Anurag Vaishnav - December 23, 2019

Recently, the  Personal Data Protection Bill, 2019 was introduced in Parliament.  The Bill has been referred to a Joint Parliamentary Committee for detailed examination, and the report is expected by the Budget Session, 2020.  The Bill seeks to provide for protection of personal data of individuals, create a framework for processing such personal data, and establishes a Data Protection Authority for the purpose.  In this blog, we provide a background to the 2019 Bill, and explain some of its key provisions.

What is personal data and data protection?

Data can be broadly classified into two types: personal and non-personal data.  Personal data pertains to characteristics, traits or attributes of identity, which can be used to identify an individual.   Non-personal data includes aggregated data through which individuals cannot be identified.  For example, while an individual’s own location would constitute personal data; information derived from multiple drivers’ location, which is often used to analyse traffic flow, is non-personal data.  Data protection refers to policies and procedures seeking to minimise intrusion into the privacy of an individual caused by collection and usage of their personal data.  

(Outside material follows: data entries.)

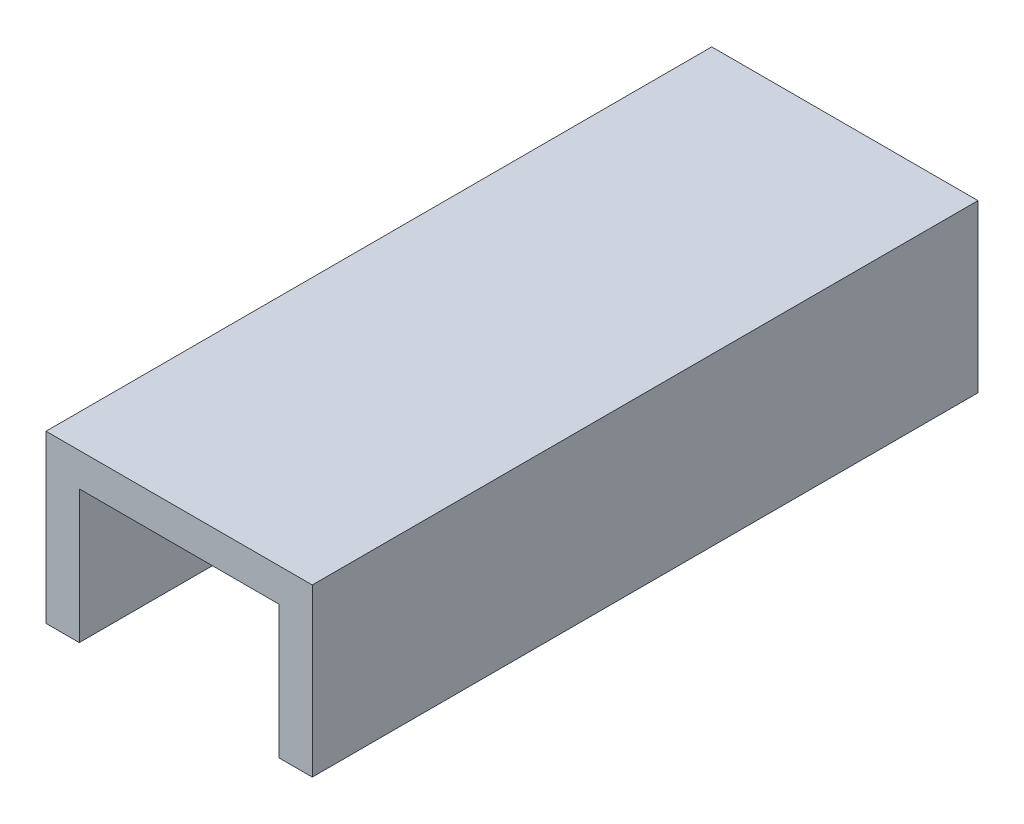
ISO-10303-21;
HEADER;
FILE_DESCRIPTION(('STEP AP214'),'2;1');
FILE_NAME('part.step','',(''),(''),'','','');
FILE_SCHEMA(('AUTOMOTIVE_DESIGN { 1 0 10303 214 1 1 1 1 }'));
ENDSEC;
DATA;
#1=APPLICATION_CONTEXT('core data for automotive mechanical design processes');
#2=APPLICATION_PROTOCOL_DEFINITION('international standard','automotive_design',2000,#1);
#3=PRODUCT_CONTEXT('',#1,'mechanical');
#4=PRODUCT('Part','Part','',(#3));
#5=PRODUCT_RELATED_PRODUCT_CATEGORY('part','',(#4));
#6=PRODUCT_DEFINITION_FORMATION('','',#4);
#7=PRODUCT_DEFINITION_CONTEXT('part definition',#1,'design');
#8=PRODUCT_DEFINITION('design','',#6,#7);
#9=PRODUCT_DEFINITION_SHAPE('','',#8);
#10=(LENGTH_UNIT() NAMED_UNIT(*) SI_UNIT(.MILLI.,.METRE.));
#11=(NAMED_UNIT(*) PLANE_ANGLE_UNIT() SI_UNIT($,.RADIAN.));
#12=(NAMED_UNIT(*) SI_UNIT($,.STERADIAN.) SOLID_ANGLE_UNIT());
#13=UNCERTAINTY_MEASURE_WITH_UNIT(LENGTH_MEASURE(1.E-05),#10,'distance_accuracy_value','');
#14=(GEOMETRIC_REPRESENTATION_CONTEXT(3) GLOBAL_UNCERTAINTY_ASSIGNED_CONTEXT((#13)) GLOBAL_UNIT_ASSIGNED_CONTEXT((#10,
#11,#12)) REPRESENTATION_CONTEXT('',''));
#15=CARTESIAN_POINT('',(0.,0.,0.));
#16=DIRECTION('',(0.,0.,1.));
#17=DIRECTION('',(1.,0.,0.));
#18=AXIS2_PLACEMENT_3D('',#15,#16,#17);
#19=CARTESIAN_POINT('',(-40.,-40.,200.));
#20=DIRECTION('',(1.,0.,0.));
#21=DIRECTION('',(0.,0.,-1.));
#22=AXIS2_PLACEMENT_3D('',#19,#20,#21);
#23=PLANE('',#22);
#24=DIRECTION('',(0.,-1.,0.));
#25=VECTOR('',#24,1.);
#26=CARTESIAN_POINT('',(-40.,-40.,0.));
#27=LINE('',#26,#25);
#28=CARTESIAN_POINT('',(-40.,9.99999999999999,0.));
#29=VERTEX_POINT('',#28);
#30=CARTESIAN_POINT('',(-40.,-40.,0.));
#31=VERTEX_POINT('',#30);
#32=EDGE_CURVE('E101',#29,#31,#27,.T.);
#33=ORIENTED_EDGE('',*,*,#32,.T.);
#34=DIRECTION('',(0.,0.,-1.));
#35=VECTOR('',#34,1.);
#36=CARTESIAN_POINT('',(-40.,-40.,200.));
#37=LINE('',#36,#35);
#38=CARTESIAN_POINT('',(-40.,-40.,200.));
#39=VERTEX_POINT('',#38);
#40=EDGE_CURVE('E11',#39,#31,#37,.T.);
#41=ORIENTED_EDGE('',*,*,#40,.F.);
#42=DIRECTION('',(0.,-1.,0.));
#43=VECTOR('',#42,1.);
#44=CARTESIAN_POINT('',(-40.,-40.,200.));
#45=LINE('',#44,#43);
#46=CARTESIAN_POINT('',(-40.,9.99999999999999,200.));
#47=VERTEX_POINT('',#46);
#48=EDGE_CURVE('E128',#47,#39,#45,.T.);
#49=ORIENTED_EDGE('',*,*,#48,.F.);
#50=DIRECTION('',(0.,0.,-1.));
#51=VECTOR('',#50,1.);
#52=CARTESIAN_POINT('',(-40.,9.99999999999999,200.));
#53=LINE('',#52,#51);
#54=EDGE_CURVE('E114',#47,#29,#53,.T.);
#55=ORIENTED_EDGE('',*,*,#54,.T.);
#56=EDGE_LOOP('',(#33,#41,#49,#55));
#57=FACE_BOUND('',#56,.T.);
#58=ADVANCED_FACE('F33',(#57),#23,.F.);
#59=CARTESIAN_POINT('',(-30.,-40.,200.));
#60=DIRECTION('',(0.,1.,0.));
#61=DIRECTION('',(0.,0.,1.));
#62=AXIS2_PLACEMENT_3D('',#59,#60,#61);
#63=PLANE('',#62);
#64=DIRECTION('',(1.,0.,0.));
#65=VECTOR('',#64,1.);
#66=CARTESIAN_POINT('',(-30.,-40.,0.));
#67=LINE('',#66,#65);
#68=CARTESIAN_POINT('',(-30.,-40.,0.));
#69=VERTEX_POINT('',#68);
#70=EDGE_CURVE('E97',#31,#69,#67,.T.);
#71=ORIENTED_EDGE('',*,*,#70,.T.);
#72=DIRECTION('',(0.,0.,-1.));
#73=VECTOR('',#72,1.);
#74=CARTESIAN_POINT('',(-30.,-40.,200.));
#75=LINE('',#74,#73);
#76=CARTESIAN_POINT('',(-30.,-40.,200.));
#77=VERTEX_POINT('',#76);
#78=EDGE_CURVE('E40',#77,#69,#75,.T.);
#79=ORIENTED_EDGE('',*,*,#78,.F.);
#80=DIRECTION('',(1.,0.,0.));
#81=VECTOR('',#80,1.);
#82=CARTESIAN_POINT('',(-30.,-40.,200.));
#83=LINE('',#82,#81);
#84=EDGE_CURVE('E110',#39,#77,#83,.T.);
#85=ORIENTED_EDGE('',*,*,#84,.F.);
#86=ORIENTED_EDGE('',*,*,#40,.T.);
#87=EDGE_LOOP('',(#71,#79,#85,#86));
#88=FACE_BOUND('',#87,.T.);
#89=ADVANCED_FACE('F109',(#88),#63,.F.);
#90=CARTESIAN_POINT('',(-30.,0.,200.));
#91=DIRECTION('',(-1.,0.,0.));
#92=DIRECTION('',(0.,-1.,0.));
#93=AXIS2_PLACEMENT_3D('',#90,#91,#92);
#94=PLANE('',#93);
#95=DIRECTION('',(0.,1.,0.));
#96=VECTOR('',#95,1.);
#97=CARTESIAN_POINT('',(-30.,0.,0.));
#98=LINE('',#97,#96);
#99=CARTESIAN_POINT('',(-30.,0.,0.));
#100=VERTEX_POINT('',#99);
#101=EDGE_CURVE('E103',#69,#100,#98,.T.);
#102=ORIENTED_EDGE('',*,*,#101,.T.);
#103=DIRECTION('',(0.,0.,-1.));
#104=VECTOR('',#103,1.);
#105=CARTESIAN_POINT('',(-30.,0.,200.));
#106=LINE('',#105,#104);
#107=CARTESIAN_POINT('',(-30.,0.,200.));
#108=VERTEX_POINT('',#107);
#109=EDGE_CURVE('E154',#108,#100,#106,.T.);
#110=ORIENTED_EDGE('',*,*,#109,.F.);
#111=DIRECTION('',(0.,1.,0.));
#112=VECTOR('',#111,1.);
#113=CARTESIAN_POINT('',(-30.,0.,200.));
#114=LINE('',#113,#112);
#115=EDGE_CURVE('E131',#77,#108,#114,.T.);
#116=ORIENTED_EDGE('',*,*,#115,.F.);
#117=ORIENTED_EDGE('',*,*,#78,.T.);
#118=EDGE_LOOP('',(#102,#110,#116,#117));
#119=FACE_BOUND('',#118,.T.);
#120=ADVANCED_FACE('F158',(#119),#94,.F.);
#121=CARTESIAN_POINT('',(30.,0.,200.));
#122=DIRECTION('',(0.,1.,0.));
#123=DIRECTION('',(-1.,0.,0.));
#124=AXIS2_PLACEMENT_3D('',#121,#122,#123);
#125=PLANE('',#124);
#126=DIRECTION('',(1.,0.,0.));
#127=VECTOR('',#126,1.);
#128=CARTESIAN_POINT('',(30.,0.,0.));
#129=LINE('',#128,#127);
#130=CARTESIAN_POINT('',(30.,0.,0.));
#131=VERTEX_POINT('',#130);
#132=EDGE_CURVE('E118',#100,#131,#129,.T.);
#133=ORIENTED_EDGE('',*,*,#132,.T.);
#134=DIRECTION('',(0.,0.,-1.));
#135=VECTOR('',#134,1.);
#136=CARTESIAN_POINT('',(30.,0.,200.));
#137=LINE('',#136,#135);
#138=CARTESIAN_POINT('',(30.,0.,200.));
#139=VERTEX_POINT('',#138);
#140=EDGE_CURVE('E151',#139,#131,#137,.T.);
#141=ORIENTED_EDGE('',*,*,#140,.F.);
#142=DIRECTION('',(1.,0.,0.));
#143=VECTOR('',#142,1.);
#144=CARTESIAN_POINT('',(30.,0.,200.));
#145=LINE('',#144,#143);
#146=EDGE_CURVE('E133',#108,#139,#145,.T.);
#147=ORIENTED_EDGE('',*,*,#146,.F.);
#148=ORIENTED_EDGE('',*,*,#109,.T.);
#149=EDGE_LOOP('',(#133,#141,#147,#148));
#150=FACE_BOUND('',#149,.T.);
#151=ADVANCED_FACE('F166',(#150),#125,.F.);
#152=CARTESIAN_POINT('',(30.,-40.,200.));
#153=DIRECTION('',(1.,0.,0.));
#154=DIRECTION('',(0.,1.,0.));
#155=AXIS2_PLACEMENT_3D('',#152,#153,#154);
#156=PLANE('',#155);
#157=DIRECTION('',(0.,-1.,0.));
#158=VECTOR('',#157,1.);
#159=CARTESIAN_POINT('',(30.,-40.,0.));
#160=LINE('',#159,#158);
#161=CARTESIAN_POINT('',(30.,-40.,0.));
#162=VERTEX_POINT('',#161);
#163=EDGE_CURVE('E120',#131,#162,#160,.T.);
#164=ORIENTED_EDGE('',*,*,#163,.T.);
#165=DIRECTION('',(0.,0.,-1.));
#166=VECTOR('',#165,1.);
#167=CARTESIAN_POINT('',(30.,-40.,200.));
#168=LINE('',#167,#166);
#169=CARTESIAN_POINT('',(30.,-40.,200.));
#170=VERTEX_POINT('',#169);
#171=EDGE_CURVE('E148',#170,#162,#168,.T.);
#172=ORIENTED_EDGE('',*,*,#171,.F.);
#173=DIRECTION('',(0.,-1.,0.));
#174=VECTOR('',#173,1.);
#175=CARTESIAN_POINT('',(30.,-40.,200.));
#176=LINE('',#175,#174);
#177=EDGE_CURVE('E135',#139,#170,#176,.T.);
#178=ORIENTED_EDGE('',*,*,#177,.F.);
#179=ORIENTED_EDGE('',*,*,#140,.T.);
#180=EDGE_LOOP('',(#164,#172,#178,#179));
#181=FACE_BOUND('',#180,.T.);
#182=ADVANCED_FACE('F169',(#181),#156,.F.);
#183=CARTESIAN_POINT('',(40.,-40.,200.));
#184=DIRECTION('',(0.,1.,0.));
#185=DIRECTION('',(0.,0.,1.));
#186=AXIS2_PLACEMENT_3D('',#183,#184,#185);
#187=PLANE('',#186);
#188=DIRECTION('',(1.,0.,0.));
#189=VECTOR('',#188,1.);
#190=CARTESIAN_POINT('',(40.,-40.,0.));
#191=LINE('',#190,#189);
#192=CARTESIAN_POINT('',(40.,-40.,0.));
#193=VERTEX_POINT('',#192);
#194=EDGE_CURVE('E122',#162,#193,#191,.T.);
#195=ORIENTED_EDGE('',*,*,#194,.T.);
#196=DIRECTION('',(0.,0.,-1.));
#197=VECTOR('',#196,1.);
#198=CARTESIAN_POINT('',(40.,-40.,200.));
#199=LINE('',#198,#197);
#200=CARTESIAN_POINT('',(40.,-40.,200.));
#201=VERTEX_POINT('',#200);
#202=EDGE_CURVE('E145',#201,#193,#199,.T.);
#203=ORIENTED_EDGE('',*,*,#202,.F.);
#204=DIRECTION('',(1.,0.,0.));
#205=VECTOR('',#204,1.);
#206=CARTESIAN_POINT('',(40.,-40.,200.));
#207=LINE('',#206,#205);
#208=EDGE_CURVE('E137',#170,#201,#207,.T.);
#209=ORIENTED_EDGE('',*,*,#208,.F.);
#210=ORIENTED_EDGE('',*,*,#171,.T.);
#211=EDGE_LOOP('',(#195,#203,#209,#210));
#212=FACE_BOUND('',#211,.T.);
#213=ADVANCED_FACE('F174',(#212),#187,.F.);
#214=CARTESIAN_POINT('',(40.,10.,200.));
#215=DIRECTION('',(-1.,0.,0.));
#216=DIRECTION('',(0.,0.,1.));
#217=AXIS2_PLACEMENT_3D('',#214,#215,#216);
#218=PLANE('',#217);
#219=DIRECTION('',(0.,1.,0.));
#220=VECTOR('',#219,1.);
#221=CARTESIAN_POINT('',(40.,10.,0.));
#222=LINE('',#221,#220);
#223=CARTESIAN_POINT('',(40.,10.,0.));
#224=VERTEX_POINT('',#223);
#225=EDGE_CURVE('E124',#193,#224,#222,.T.);
#226=ORIENTED_EDGE('',*,*,#225,.T.);
#227=DIRECTION('',(0.,0.,-1.));
#228=VECTOR('',#227,1.);
#229=CARTESIAN_POINT('',(40.,10.,200.));
#230=LINE('',#229,#228);
#231=CARTESIAN_POINT('',(40.,10.,200.));
#232=VERTEX_POINT('',#231);
#233=EDGE_CURVE('E142',#232,#224,#230,.T.);
#234=ORIENTED_EDGE('',*,*,#233,.F.);
#235=DIRECTION('',(0.,1.,0.));
#236=VECTOR('',#235,1.);
#237=CARTESIAN_POINT('',(40.,10.,200.));
#238=LINE('',#237,#236);
#239=EDGE_CURVE('E52',#201,#232,#238,.T.);
#240=ORIENTED_EDGE('',*,*,#239,.F.);
#241=ORIENTED_EDGE('',*,*,#202,.T.);
#242=EDGE_LOOP('',(#226,#234,#240,#241));
#243=FACE_BOUND('',#242,.T.);
#244=ADVANCED_FACE('F177',(#243),#218,.F.);
#245=CARTESIAN_POINT('',(-40.,9.99999999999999,200.));
#246=DIRECTION('',(0.,-1.,0.));
#247=DIRECTION('',(1.,0.,0.));
#248=AXIS2_PLACEMENT_3D('',#245,#246,#247);
#249=PLANE('',#248);
#250=DIRECTION('',(-1.,0.,0.));
#251=VECTOR('',#250,1.);
#252=CARTESIAN_POINT('',(-40.,9.99999999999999,0.));
#253=LINE('',#252,#251);
#254=EDGE_CURVE('E126',#224,#29,#253,.T.);
#255=ORIENTED_EDGE('',*,*,#254,.T.);
#256=ORIENTED_EDGE('',*,*,#54,.F.);
#257=DIRECTION('',(-1.,0.,0.));
#258=VECTOR('',#257,1.);
#259=CARTESIAN_POINT('',(-40.,9.99999999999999,200.));
#260=LINE('',#259,#258);
#261=EDGE_CURVE('E47',#232,#47,#260,.T.);
#262=ORIENTED_EDGE('',*,*,#261,.F.);
#263=ORIENTED_EDGE('',*,*,#233,.T.);
#264=EDGE_LOOP('',(#255,#256,#262,#263));
#265=FACE_BOUND('',#264,.T.);
#266=ADVANCED_FACE('F179',(#265),#249,.F.);
#267=CARTESIAN_POINT('',(-40.,-40.,200.));
#268=DIRECTION('',(0.,0.,1.));
#269=DIRECTION('',(1.,0.,0.));
#270=AXIS2_PLACEMENT_3D('',#267,#268,#269);
#271=PLANE('',#270);
#272=ORIENTED_EDGE('',*,*,#48,.T.);
#273=ORIENTED_EDGE('',*,*,#84,.T.);
#274=ORIENTED_EDGE('',*,*,#115,.T.);
#275=ORIENTED_EDGE('',*,*,#146,.T.);
#276=ORIENTED_EDGE('',*,*,#177,.T.);
#277=ORIENTED_EDGE('',*,*,#208,.T.);
#278=ORIENTED_EDGE('',*,*,#239,.T.);
#279=ORIENTED_EDGE('',*,*,#261,.T.);
#280=EDGE_LOOP('',(#272,#273,#274,#275,#276,#277,#278,#279));
#281=FACE_BOUND('',#280,.T.);
#282=ADVANCED_FACE('F161',(#281),#271,.T.);
#283=CARTESIAN_POINT('',(-40.,-40.,0.));
#284=DIRECTION('',(0.,0.,1.));
#285=DIRECTION('',(1.,0.,0.));
#286=AXIS2_PLACEMENT_3D('',#283,#284,#285);
#287=PLANE('',#286);
#288=ORIENTED_EDGE('',*,*,#32,.F.);
#289=ORIENTED_EDGE('',*,*,#254,.F.);
#290=ORIENTED_EDGE('',*,*,#225,.F.);
#291=ORIENTED_EDGE('',*,*,#194,.F.);
#292=ORIENTED_EDGE('',*,*,#163,.F.);
#293=ORIENTED_EDGE('',*,*,#132,.F.);
#294=ORIENTED_EDGE('',*,*,#101,.F.);
#295=ORIENTED_EDGE('',*,*,#70,.F.);
#296=EDGE_LOOP('',(#288,#289,#290,#291,#292,#293,#294,#295));
#297=FACE_BOUND('',#296,.T.);
#298=ADVANCED_FACE('F98',(#297),#287,.F.);
#299=CLOSED_SHELL('',(#58,#89,#120,#151,#182,#213,#244,#266,#282,#298));
#300=MANIFOLD_SOLID_BREP('B2',#299);
#301=ADVANCED_BREP_SHAPE_REPRESENTATION('',(#18,#300),#14);
#302=SHAPE_DEFINITION_REPRESENTATION(#9,#301);
ENDSEC;
END-ISO-10303-21;

Why was a Bill brought for personal data protection?

In August 2017, the Supreme Court  held that privacy is a fundamental right, flowing from the right to life and personal liberty under Article 21 of the Constitution.  The Court also observed that privacy of personal data and facts is an essential aspect of the right to privacy.  In July 2017, a Committee of Experts, chaired by Justice B. N. Srikrishna, was set up to examine various issues related to data protection in India.  The Committee submitted its report, along with a Draft Personal Data Protection Bill, 2018 to the Ministry of Electronics and Information Technology in July 2018.  The Statement of Objects and Reasons of the Personal Data Protection Bill, 2019 states that the Bill is based on the recommendations of the report of the Expert Committee and the suggestions received from various stakeholders.

How is personal data regulated currently?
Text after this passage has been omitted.